§ Exercise:
Reproduce exactly, from the data that follows, the line with "lines of L0 L8", the line with "constraints: 6 end", and every line that lies between them.

§ §

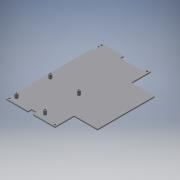
# Autodesk Inventor part: Part53
Saved by Autodesk Inventor 2016 (Build 200138000, 138)
## iProperties
Created: 2015-11-07
Part Number: Part53
Material: Generic
Document SubType Name: Modeling
Designer: Jufo
Density: 1 g/cm^3
Appearance: Default
Author: Jufo
Autodesk Inventor part; units mm, degrees
ref_plane "YZ Plane" through (0, 0, 0) normal (1, 0, 0) x (0, 1, 0)
ref_plane "XZ Plane" through (0, 0, 0) normal (0, 1, 0) x (-1, 0, 0)
ref_plane "XY Plane" through (0, 0, 0) normal (0, 0, 1) x (1, 0, 0)
sketch "Sketch1" plane through (0, 0, 0) normal (0, 1, 0) x (-1, 0, 0)
  line L0 (49.278, 4.7758) -> (49.278, -28.2242)
  line L1 (49.278, -28.2242) -> (87.278, -28.2242)
  line L2 (87.278, -28.2242) -> (87.278, -22.2242)
  line L3 (87.278, -22.2242) -> (95.278, -22.2242)
  line L4 (95.278, -22.2242) -> (95.278, -28.2242)
  line L5 (95.278, 135.7758) -> (95.278, 129.7758)
  line L6 (95.278, 129.7758) -> (87.278, 129.7758)
  line L7 (87.278, 129.7758) -> (87.278, 135.7758)
  line L8 (87.278, 135.7758) -> (49.278, 135.7758)
  line L9 (49.278, 135.7758) -> (49.278, 102.7758)
  line L10 (49.278, 4.7758) -> (9.278, 4.7758)
  line L11 (9.278, 4.7758) -> (9.278, 102.7758)
  line L12 (9.278, 102.7758) -> (49.278, 102.7758)
  line L13 (94.278, 130.7758) -> (94.278, 136.7758)
  line L14 (48.278, 136.7758) -> (134.278, 136.7758)
  line L15 (134.278, -29.2242) -> (48.278, -29.2242)
  line L16 (94.278, -29.2242) -> (94.278, -23.2242)
  line L17 (94.278, -23.2242) -> (88.278, -23.2242)
  line L18 (88.278, -23.2242) -> (88.278, -29.2242)
  line L19 (48.278, -29.2242) -> (48.278, 3.7758)
  line L20 (48.278, 3.7758) -> (24.278, 3.7758)
  line L21 (24.278, 103.7758) -> (48.278, 103.7758)
  line L22 (48.278, 103.7758) -> (48.278, 136.7758)
  line L23 (88.278, 136.7758) -> (88.278, 130.7758)
  line L24 (24.278, 3.7758) -> (8.278, 3.7758)
  line L25 (24.278, 103.7758) -> (8.278, 103.7758)
  line L26 (8.278, 103.7758) -> (8.278, 3.7758)
  line L27 (94.278, 130.7758) -> (88.278, 130.7758)
  line L28 (134.278, -29.2242) -> (134.278, 136.7758)
  line L29 (95.278, 135.7758) -> (134.278, 135.7758)
  line L30 (95.278, -28.2242) -> (134.278, -28.2242)
  line L31 (134.278, 135.7758) -> (133.278, 135.7758)
  line L32 (133.278, 135.7758) -> (133.278, -28.2242)
  line L33 (133.278, -28.2242) -> (134.278, -28.2242)
  line L34 (134.278, -28.2242) -> (134.278, 135.7758)
  point P0 (0, 0)
  point P1 (0, 0)
  dimension "d0" = 1
  dimension "d4" = 1
  dimension "d5" = 1
  dimension "d6" = 1
  dimension "d7" = 1
  dimension "d8" = 1
  dimension "d10" = 1
  dimension "d11" = 1
  dimension "d12" = 1
  dimension "d13" = 1
  dimension "d14" = 1
  dimension "d15" = 1
  dimension "d16" = 6
  dimension "d17" = 0
  dimension "d18" = 0
  dimension "d25" = 1
  dimension "d75" = 164
  dimension "d76" = 164
  dimension "d77" = 166
  dimension "d79" = 33
  dimension "d82" = 33
  constraints: 70 end point, 13 perpendicular, 5 point on line, 4 horizontal, 1 parallel
  measures "d0" distance from line of L5.start L13
  measures "d4" distance from line of L3.end L16
  measures "d5" distance between parallel lines of L3 L17
  measures "d6" distance between parallel lines of L18 L2
  measures "d7" distance between parallel lines of L19 L0
  measures "d8" distance between parallel lines of L10 L20
  measures "d10" distance between parallel lines of L15 L1
  measures "d11" distance from line of L21 L9.end
  measures "d12" distance between parallel lines of L9 L22
  measures "d13" distance between parallel lines of L23 L7
  measures "d14" distance between parallel lines of L14 L8
  measures "d15" distance between parallel lines of L6 L27
  measures "d16" distance of L23.start L23.end
  measures "d17" distance from line of L14 L13.end
  measures "d18" distance from line of L14 L23.start
  measures "d25" distance of L29.end L31.end
  measures "d75" distance between parallel lines of L29 L30
  measures "d76" distance between parallel lines of L1 L8
  measures "d77" distance between parallel lines of L14 L15
  measures "d79" distance of L8.end L9.end
  measures "d82" distance of L0.start L0.end
extrude "Extrusion2" add sketch "Sketch1" along normal blind 2 contours L10 L11 L12 L9 L8 L7 L6 L5 L29 L32 L30 L4 L3 L2 L1 L0
sketch "Sketch2" plane through (0, 2, 0) normal (0, 1, 0) x (1, 0, 0)
  circle A0 centre (-52.278, 25.2242) radius 1.5
  line L0 (-49.278, -4.7758) -> (-49.278, 28.2242) projected
  line L1 (-49.278, 28.2242) -> (-87.278, 28.2242) projected
  line L2 (-87.278, 22.2242) -> (-95.278, 22.2242) projected
  line L3 (-91.278, 22.2242) -> (-91.278, -30.1136)
  circle A1 centre (-130.278, 25.2242) radius 1.5
  line L4 (-9.278, -102.7758) -> (-9.278, -4.7758) projected
  line L5 (-9.278, -53.7758) -> (-80.3163, -53.7758)
  circle A2 centre (-52.278, -132.7758) radius 1.5
  circle A3 centre (-130.278, -132.7758) radius 1.5
  point P0 (0, 0)
  dimension "d26" = 3
  dimension "d27" = 3
  dimension "d28" = 3
  constraints: 4 centre point, 4 end point, 3 symmetric about line, 2 midpoint, 1 horizontal, 1 vertical, 3 other
  measures "d26" diameter of A0
  measures "d27" distance from line of A0.centre L0
  measures "d28" distance from line of L1 A0.centre
extrude "Extrusion3" cut sketch "Sketch2" against normal blind 10
sketch "Sketch3" plane through (0, 2, 0) normal (0, 1, 0) x (1, 0, 0)
  circle A0 centre (-76.278, -67.7758) radius 1.25
  circle A1 centre (-76.278, -67.7758) radius 1.25
  circle A2 centre (-76.278, -125.7758) radius 1.25
  circle A3 centre (-76.278, -125.7758) radius 1.25
  circle A4 centre (-125.278, -67.7758) radius 1.25
  circle A5 centre (-125.278, -67.7758) radius 1.25
  circle A6 centre (-125.278, -125.7758) radius 1.25
  circle A7 centre (-125.278, -125.7758) radius 1.25
  line L0 (-87.278, -135.7758) -> (-49.278, -135.7758) projected
  line L1 (-133.278, 28.2242) -> (-133.278, -135.7758) projected
  circle A8 centre (-76.278, -67.7758) radius 2.5
  circle A9 centre (-76.278, -125.7758) radius 2.5
  circle A10 centre (-125.278, -67.7758) radius 2.5
  circle A11 centre (-125.278, -125.7758) radius 2.5
  point P0 (0, 0)
  point P1 (40, -28)
  dimension "d31" = 49
  dimension "d32" = 58
  dimension "d33" = 49
  dimension "d34" = 58
  dimension "d35" = 10
  dimension "d36" = 10
  dimension "d37" = 8
  dimension "d38" = 8
  dimension "d70" = 5
  dimension "d71" = 5
  dimension "d72" = 5
  dimension "d73" = 5
  constraints: 12 centre point, 8 coincident
  measures "d31" distance of A5.centre A1.centre
  measures "d32" distance of A3.centre A1.centre
  measures "d33" distance of A7.centre A3.centre
  measures "d34" distance of A7.centre A5.centre
  measures "d35" distance from line of L0 A6.centre
  measures "d36" distance from line of L0 A3.centre
  measures "d37" distance from line of L1 A6.centre
  measures "d38" distance from line of L1 A4.centre
  measures "d70" diameter of A8
  measures "d71" diameter of A9
  measures "d72" diameter of A10
  measures "d73" diameter of A11
extrude "Extrusion4" add sketch "Sketch3" along normal blind 7
sketch "Sketch6" plane through (0, 2, 0) normal (0, 1, 0) x (1, 0, 0)
  line L0 (-133.278, 28.2242) -> (-133.278, -135.7758) projected
  line L1 (-133.278, 28.2242) -> (-133.278, 21.2242)
  line L2 (-133.278, 21.2242) -> (-129.278, 21.2242)
  line L3 (-129.278, 21.2242) -> (-129.278, 12.2242)
  line L4 (-129.278, 12.2242) -> (-133.278, 12.2242)
  line L5 (-133.278, 21.2242) -> (-133.278, 12.2242)
  line L6 (-133.278, -135.7758) -> (-133.278, -128.7758)
  line L7 (-133.278, -128.7758) -> (-129.278, -128.7758)
  line L8 (-129.278, -128.7758) -> (-129.278, -119.7758)
  line L9 (-129.278, -119.7758) -> (-133.278, -119.7758)
  line L10 (-133.278, -128.7758) -> (-133.278, -119.7758)
  point P0 (0, 0)
  dimension "d63" = 7
  dimension "d64" = 4
  dimension "d65" = 9
  dimension "d66" = 7
  dimension "d67" = 9
  dimension "d83" = 4
  constraints: 20 end point, 5 perpendicular, 4 point on line, 2 collinear, 1 vertical
  measures "d63" distance of L0.start L1.end
  measures "d64" distance of L1.end L2.end
  measures "d65" distance of L2.end L3.end
  measures "d66" distance of L0.end L6.end
  measures "d67" distance of L7.end L8.end
  measures "d83" distance between parallel lines of L0 L8
extrude "Extrusion7" cut sketch "Sketch6" against normal blind 10
sketch "Sketch7" plane through (0, 2, 0) normal (0, 1, 0) x (1, 0, 0)
  line L0 (-49.278, -4.7758) -> (-49.278, 28.2242) projected
  line L1 (-49.278, 28.2242) -> (-87.278, 28.2242) projected
  line L2 (-87.278, 28.2242) -> (-87.278, 22.2242) projected
  line L3 (-9.278, -102.7758) -> (-9.278, -4.7758) projected
  line L4 (-9.278, -4.7758) -> (-49.278, -4.7758) projected
  line L5 (-49.278, -102.7758) -> (-9.278, -102.7758) projected
  line L6 (-87.278, 28.2242) -> (-87.278, 13.2242)
  line L7 (-87.278, 13.2242) -> (-57.278, 13.2242)
  line L8 (-57.278, 13.2242) -> (-57.278, 28.2242)
  line L9 (-49.278, 28.2242) -> (-87.278, 28.2242) projected
  point P0 (0, 0)
  dimension "d94" = 15
  constraints: 6 end point, 2 perpendicular, 1 point on line, 1 vertical
  measures "d94" distance of L1.end L6.end
extrude "Extrusion8" cut sketch "Sketch7" against normal blind 10
equation "\"d36\" = d35"
equation "\"d38\" = d37"
body "Solid2"

§ §

§ Answer section:
  measures "d83" distance between parallel lines of L0 L8
extrude "Extrusion7" cut sketch "Sketch6" against normal blind 10
sketch "Sketch7" plane through (0, 2, 0) normal (0, 1, 0) x (1, 0, 0)
  line L0 (-49.278, -4.7758) -> (-49.278, 28.2242) projected
  line L1 (-49.278, 28.2242) -> (-87.278, 28.2242) projected
  line L2 (-87.278, 28.2242) -> (-87.278, 22.2242) projected
  line L3 (-9.278, -102.7758) -> (-9.278, -4.7758) projected
  line L4 (-9.278, -4.7758) -> (-49.278, -4.7758) projected
  line L5 (-49.278, -102.7758) -> (-9.278, -102.7758) projected
  line L6 (-87.278, 28.2242) -> (-87.278, 13.2242)
  line L7 (-87.278, 13.2242) -> (-57.278, 13.2242)
  line L8 (-57.278, 13.2242) -> (-57.278, 28.2242)
  line L9 (-49.278, 28.2242) -> (-87.278, 28.2242) projected
  point P0 (0, 0)
  dimension "d94" = 15
  constraints: 6 end point, 2 perpendicular, 1 point on line, 1 vertical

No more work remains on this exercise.